# Puppy obedience school - dog goes crazy!



## slven (Mar 4, 2013)

We have a 5 month old lab-mix puppy who has started puppy kindergarten class. There are about 7-8 other dogs in the class. Our dog is actually quite smart and learns his commands after just a couple of tries. The instructor has even commented that he is a bright dog.

Our issue is he goes crazy during class. He does his commands - no problem - IF and when we can get his attention. Otherwise, when teacher is talking or we can't get him to focus, he just barks and barks at the other dogs to play and pulls on the leash to go see the other dogs (tail wagging 100 mph). Regardless of whether he is bright or not, he comes off as the menace of the class. We take him to doggy day camp 1/week and to dog parks, etc - so he's around other dogs a lot and loves to play with them. Perhaps the issue is he doesn't realize this is NOT playtime.

I need help! My husband as threatened one more class acting up like this and no more obedience classes for him. The instructor said his barking is just from frustration of not getting his way and attention from the other dogs to play....but why does it seem its just our dog? It is very embarrassing and I'm sure disruptive to the other people in the class!

Any suggestions would be much appreciated!

PS - we have tried a number of things so far - going for a long run before class to tire him out, being in a back corner of class, not doing anything before class so he isn't riled up, etc. So far, same result every time - non stop barking and excitement during class.


----------



## CptJack (Jun 3, 2012)

Seriously? There's always a dog like this in every class. About half-the-time it seems like it's your dog (against absolutely all reason and math). It's not a big deal, it's just a bouncy, excitable dog who needs to learn to settle, focus and work. Reward him while he's being calm, maybe teach a 'watch me' command, but he'll get into the groove soon enough. Also, if you remove him from the situation because you're embarassed, he's never going to learn and you lose out on a lot of socialization and bonding, and learning for him (like how to work around distractions).

I start agility with one of mine on Tuesday. I'm not looking forward to her being That Dog. But she's almost definitely going to be That Dog, in one way or another. I'm making bets with myself right now, about what exactly I expect her to do to make me look foolish. So far I expect a lot of yapping, a complete refusal to focus at all (new location, new dogs, new everything) or even take treats, and probably at least one stint of running away from me like she was shot out of a cannon and trying to lead me on a game of chase. They're dogs. They do Stuff. All you can really do is laugh and keep working with them.
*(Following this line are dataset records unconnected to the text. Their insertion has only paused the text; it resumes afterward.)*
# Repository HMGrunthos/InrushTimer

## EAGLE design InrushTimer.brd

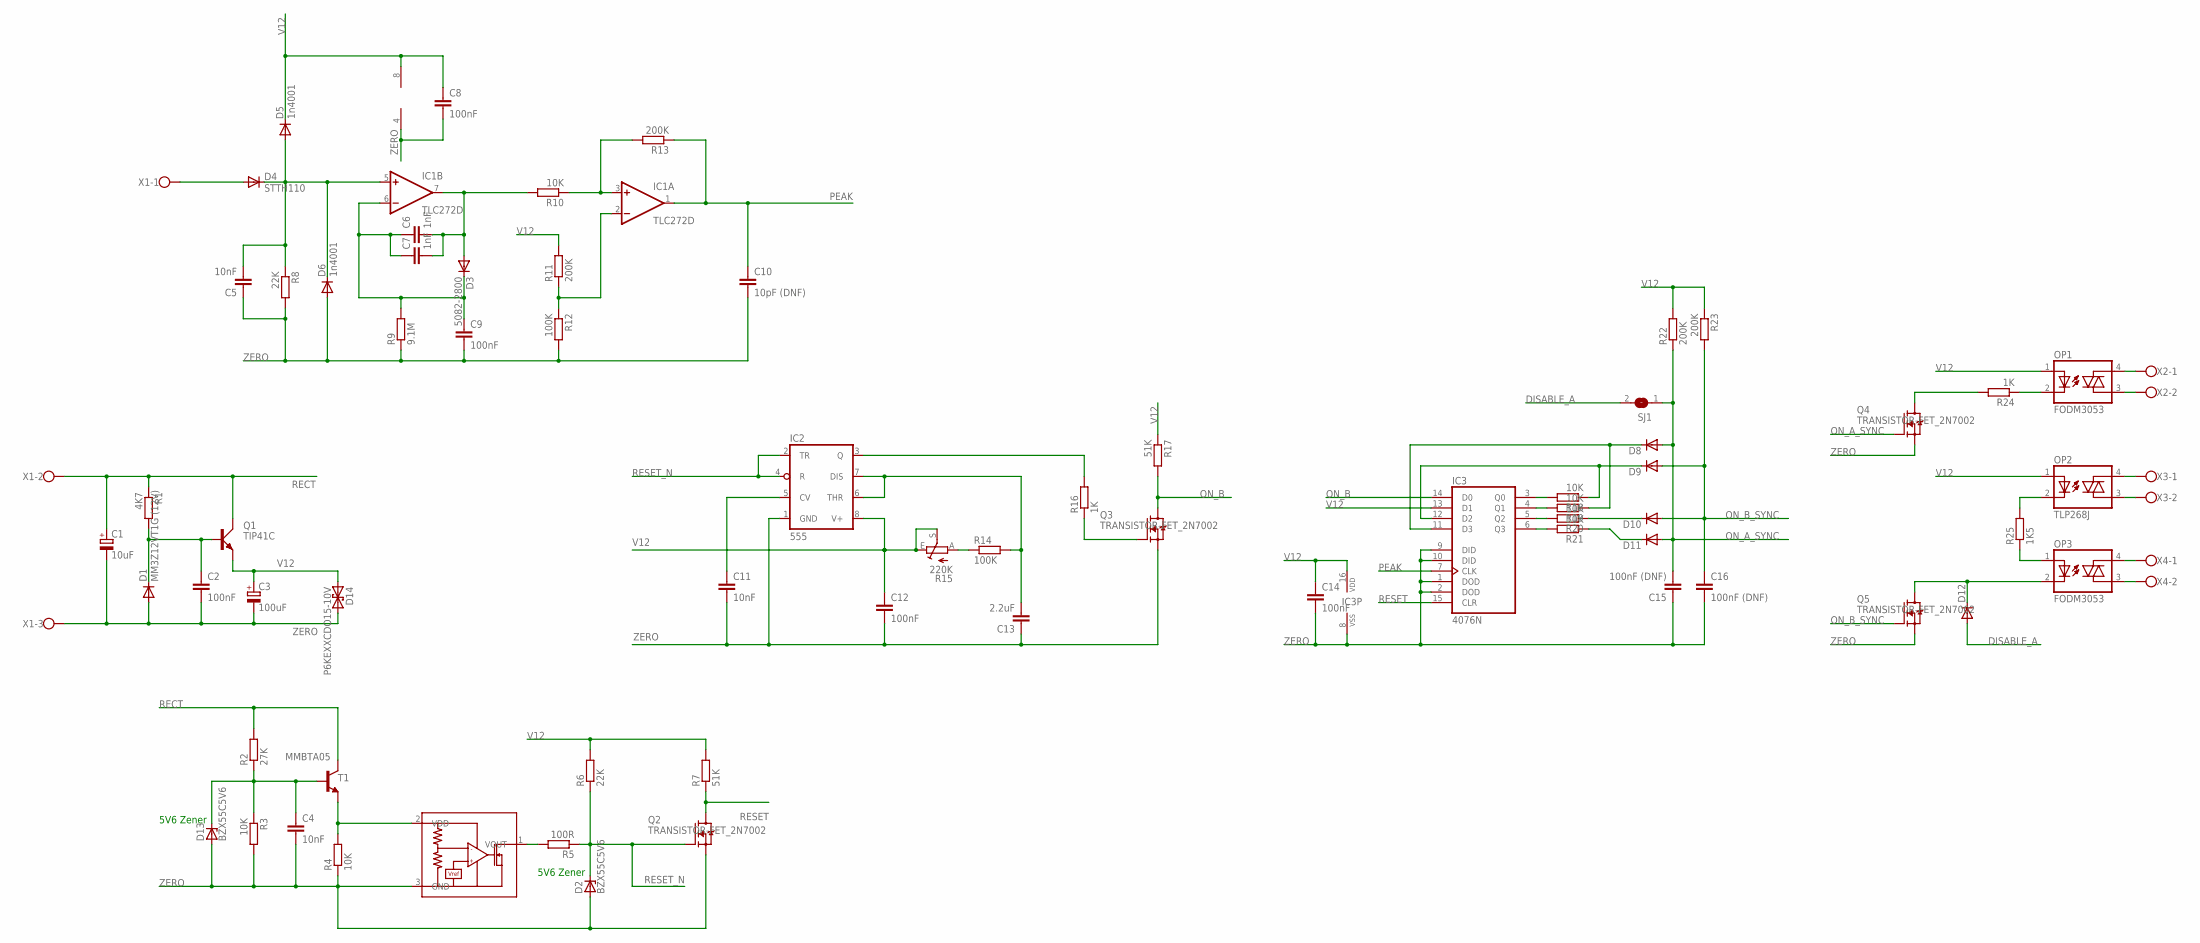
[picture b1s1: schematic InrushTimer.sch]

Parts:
C1: 10uF; E2-5
C2, C12, C14: 100nF; C050-024X044
C3: 100uF; E2,5-7
C4, C11: 10nF; C050-024X044
C5: 10nF; C0805K
C6, C7: 1nF; C0805K
C8: 100nF; C0805
C9: 100nF; C1206K
C10: 10pF (DNF); C0805K
C13: 2.2uF; C1206K
C15, C16: 100nF (DNF); C1206K
D1: MM3Z12VT1G (12V); SOD323-R
D2, D13: BZX55C5V6; DO34Z7
D3: 5082-2800; DO34-7
D4: STTH110; DO41-7.6
D5: 1n4001; DO41-10VN
D6: 1n4001; DO41-7.6
D8: 1N4148DO35-10; DO35-10
D9, D10, D11, D12: 1N4148DO35-7; DO35-7
D14: P6KEXXCDO15-10V; DO15-10V
IC1: TLC272D; SO08
IC2: 555; SO08-555
IC3: 4076N; DIL16
OP1, OP3: FODM3053; FODM
OP2: TLP268J; TLP26*
Q1: TIP41C; TO220AV
Q2, Q3, Q4, Q5: TRANSISTOR-FET_2N7002; TRANSISTOR-FET_SOT23
R1: 4K7; 0207/2V
R2: 27K; 0207/7
R3: 10K; 0207/2V
R4, R18, R19, R20, R21: 10K; R0805
R5: 100R; 0207/7
R6, R8: 22K; 0207/2V
R7, R17: 51K; 0207/2V
R9: 9.1M; 0207/7
R10: 10K; 0207/10
R11, R13, R22: 200K; 0207/2V
R12, R14: 100K; 0207/2V
R15: 220K; CA6H
R16: 1K; R0402
R23: 200K; 0207/7
R24: 1K; 0207/7
R25: 1K5; 0207/2V
SJ1: SJ
T1: MMBTA05; SOT23-BEC
U1: ROHM_BY_ELEMENT14_BATCH_1_BU48XXG; ROHM_BY_ELEMENT14_BATCH_1_SOT95P280X125-5N
X1: W237-103
X2, X3, X4: W237-102

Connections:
DISABLE_A: D12.A, SJ1.2
unnamed: D4.A, X1.1
unnamed: R14.1, R15.A
unnamed: IC3.6 (Q3), R21.2
unnamed: OP3.4 (A2), X4.1
unnamed: OP1.3 (A1), X2.2
unnamed: D12.C, OP3.2 (C), Q5.3 (D)
unnamed: C6.2, C7.2, D3.A, IC1.7 (OUT), R10.2
unnamed: C2.1, D1.C, Q1.B, R1.2
unnamed: C6.1, C7.1, C9.1, D3.C, IC1.6 (-IN), R9.2
unnamed: OP1.4 (A2), X2.1
unnamed: C5.2, D4.C, D5.A, D6.C, IC1.5 (+IN), R8.1
unnamed: OP3.3 (A1), X4.2
unnamed: R4.2, T1.E, U1.2 (VDD)
unnamed: C4.1, D13.C, R2.1, R3.1, T1.B
unnamed: OP3.1 (A), R25.1
unnamed: D9.C, IC3.12 (D2), R18.1
unnamed: OP2.2 (C), R25.2
unnamed: OP1.2 (C), R24.1
unnamed: IC3.5 (Q2), R20.2
unnamed: OP2.4 (A2), X3.1
unnamed: OP2.3 (A1), X3.2
unnamed: D8.C, IC3.11 (D3), R19.1
unnamed: R5.2, U1.1 (VOUT)
unnamed: D11.C, R21.1
unnamed: IC3.4 (Q1), R19.2
unnamed: IC1.3 (+IN), R10.1, R13.2
unnamed: C13.2, IC2.6 (THR), IC2.7 (DIS), R14.2
unnamed: D10.C, R20.1
unnamed: Q4.3 (D), R24.2
unnamed: IC3.3 (Q0), R18.2
unnamed: Q3.1 (G), R16.1
unnamed: C11.1, IC2.5 (CV)
unnamed: IC2.3 (Q), R16.2
ON_A_SYNC: C15.2, D8.A, D11.A, Q4.1 (G), R22.1, SJ1.1
ON_B: IC3.14 (D0), Q3.3 (D), R17.2
ON_B_SYNC: C16.1, D9.A, D10.A, Q5.1 (G), R23.2
PEAK: C10.1, IC1.1 (OUT), IC3.7 (CLK), R13.1
RECT: C1.+, Q1.C, R1.1, R2.2, T1.C, X1.2
RESET: IC3.15 (CLR), Q2.3 (D), R7.1
RESET_N: D2.C, IC2.2 (TR), IC2.4 (R), Q2.1 (G), R5.1, R6.1
THRESH: IC1.2 (-IN), R11.1, R12.1
V12: C3.+, C8.1, C12.1, C14.1, D5.C, D14.A (1), IC1.8 (V+), IC2.8 (V+), IC3.13 (D1), IC3.16 (VDD), OP1.1 (A), OP2.1 (A), Q1.E, R6.2, R7.2, R11.2, R15.E, R15.S, R17.1, R22.2, R23.1
ZERO: C1.-, C2.2, C3.-, C4.2, C5.1, C8.2, C9.2, C10.2, C11.2, C12.2, C13.1, C14.2, C15.1, C16.2, D1.A, D2.A, D6.A, D13.A, D14.C (2), IC1.4 (V-), IC2.1 (GND), IC3.1 (DOD), IC3.2 (DOD), IC3.8 (VSS), IC3.9 (DID), IC3.10 (DID), Q2.2 (S), Q3.2 (S), Q4.2 (S), Q5.2 (S), R3.2, R4.1, R8.2, R9.1, R12.2, U1.3 (GND), X1.3

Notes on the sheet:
5V6 Zener

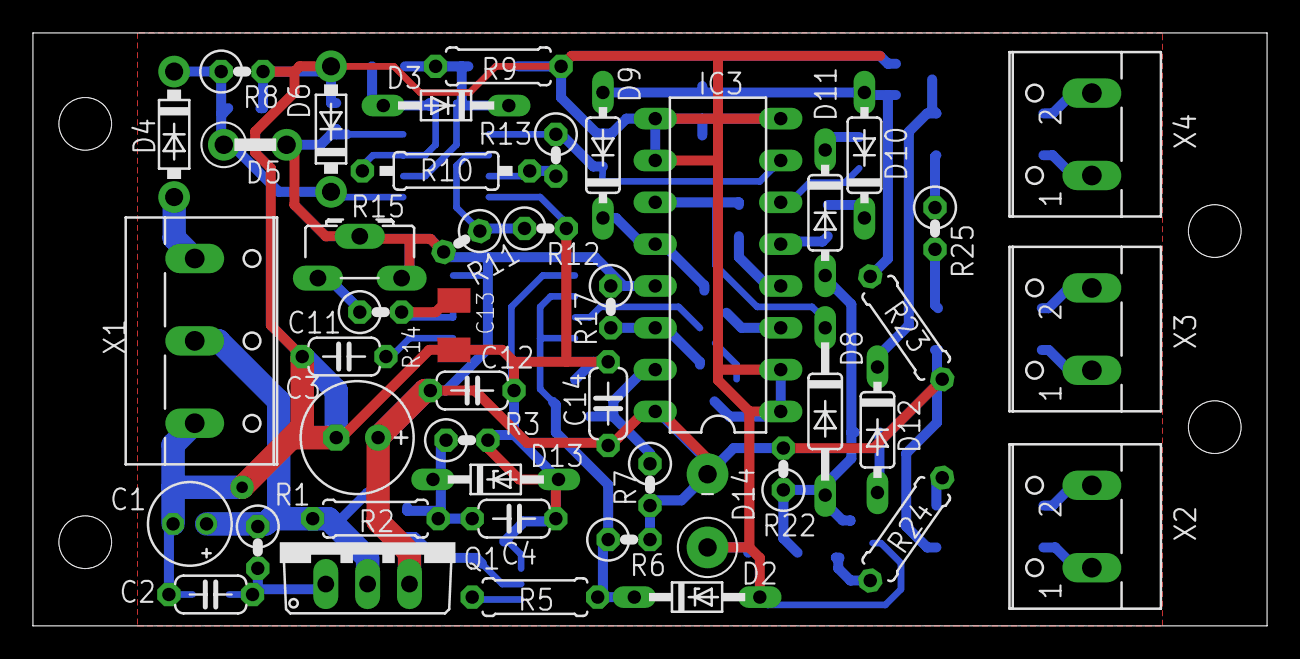
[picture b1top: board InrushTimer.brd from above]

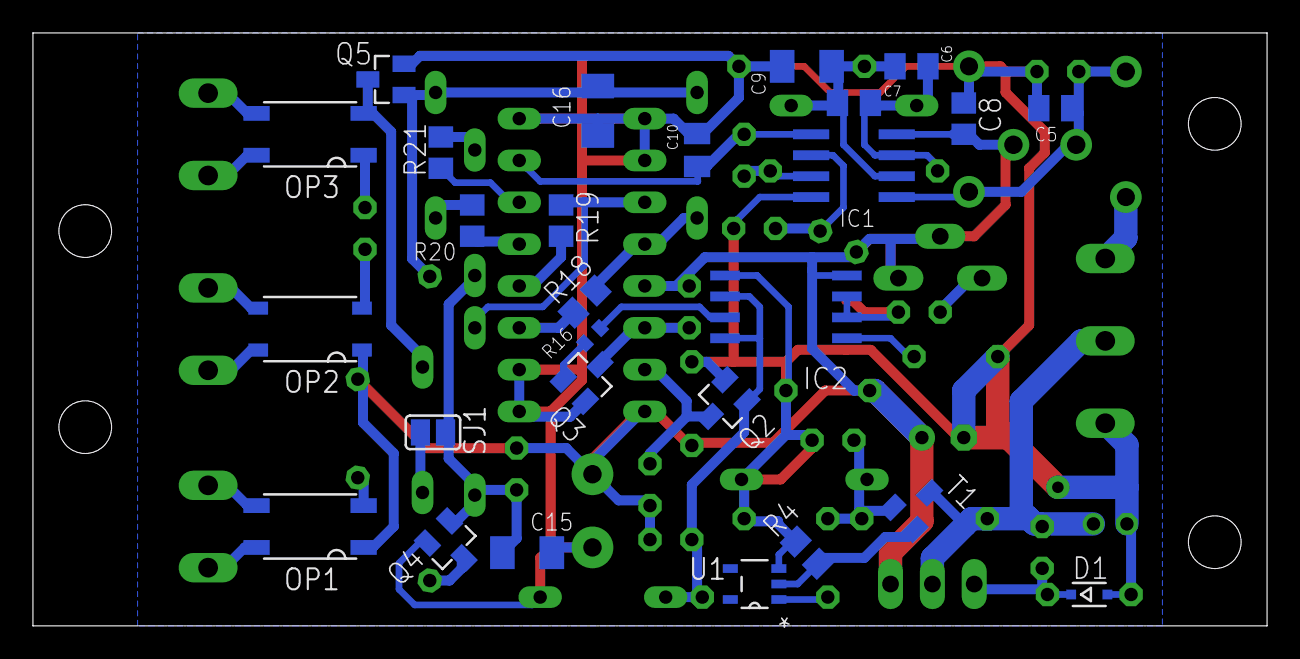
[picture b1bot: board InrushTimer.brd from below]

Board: 2 copper layers, 74.9 x 36.0 mm, 72 parts (27 on the bottom side), 44 nets.

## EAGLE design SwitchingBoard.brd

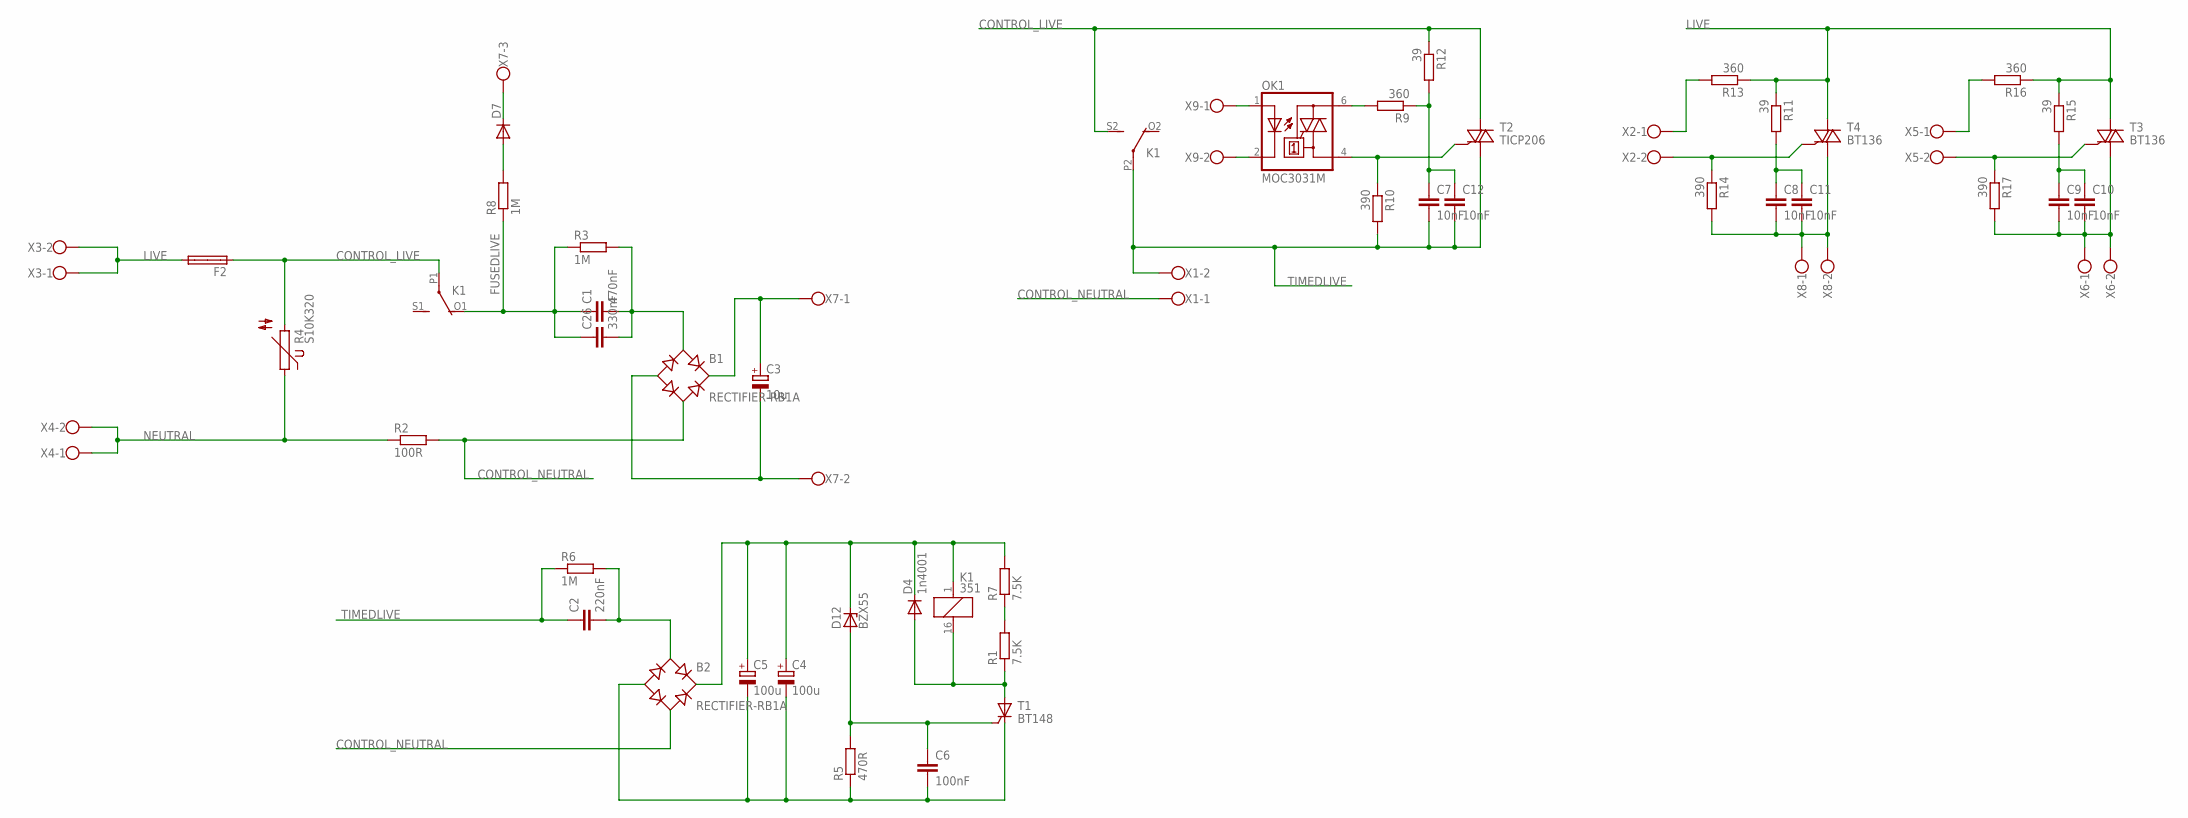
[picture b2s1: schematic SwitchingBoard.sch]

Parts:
B1, B2: RECTIFIER-RB1A; RB1A
C1: 470nF; C225-108X268
C2: 220nF; C225-062X268
C3: 10u; E2-5
C4, C5: 100u; E2,5-7
C6: 100nF; C050-024X044
C7, C8, C9: 10nF; C150-054X183
C10, C11, C12: 10nF; C102-043X133
C26: 330nF; C150-091X182
D4: 1n4001; DO41-10
D7: DIODE-DO41-10; DO41-10
D12: BZX55; DO35Z10
F2: SHKOG
K1: 351
OK1: MOC3031M; DIL06
R1, R7: 7.5K; 0207/7
R2: 100R; 0617/22
R3, R6, R8: 1M; 0617/22
R4: S10K320
R5: 470R; 0207/7
R9, R13, R16: 360; 0207/7
R10, R14, R17: 390; 0207/7
R11, R12, R15: 39; 0207/7
T1: BT148; SOT82S
T2: TICP206; TO92-6
T3, T4: BT136; TO220AB
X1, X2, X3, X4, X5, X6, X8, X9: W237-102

Watch this, you'll feel better: Dogs are dogs: Agility Zoomies


----------



## Amaryllis (Dec 28, 2011)

Unless the trainer asked you to leave, I'd keep going. He'll learn to settle down- but only if you keep trying. If you just give up and keep him home, how will he learn?

As to why your dog, why not? All dogs are different. You just happened to get a loudly exuberant dog. There are certainly worse things.


----------



## GrinningDog (Mar 26, 2010)

He'll eventually catch on to the fact that barking and throwing a tantrum don't get him his way. Hang in there until he does. If you can reward good behavior, do it.

Gypsy got squirrely during a few of her puppy classes. I remember one instance of her biting my shoes, growling, spinning on the lead, and barking her head off. Meanwhile, all the other puppies in the class were politely sitting while the instructor explained something. Top student in the class needed to let out some steam, LOL.


----------



## blenderpie (Oct 5, 2012)

He's just being a puppy. Lincoln will still occasionally get like that (nearly 6 months old). We joke that he's the busy body of puppy class because he's much more interested in what everyone ELSE is doing. But, he can "get away with it" because he's bright and listens awesome when you DO have his attention.

I'd just work on building attention. And, believe it or not, being able to do work while there are distractions around is a HUGE part of bringing your dog to puppy class. Any baboon can train their dog to sit at home. It's more work for the dog (and that's a good thing) to have to learn to work in many different places under many different circumstances.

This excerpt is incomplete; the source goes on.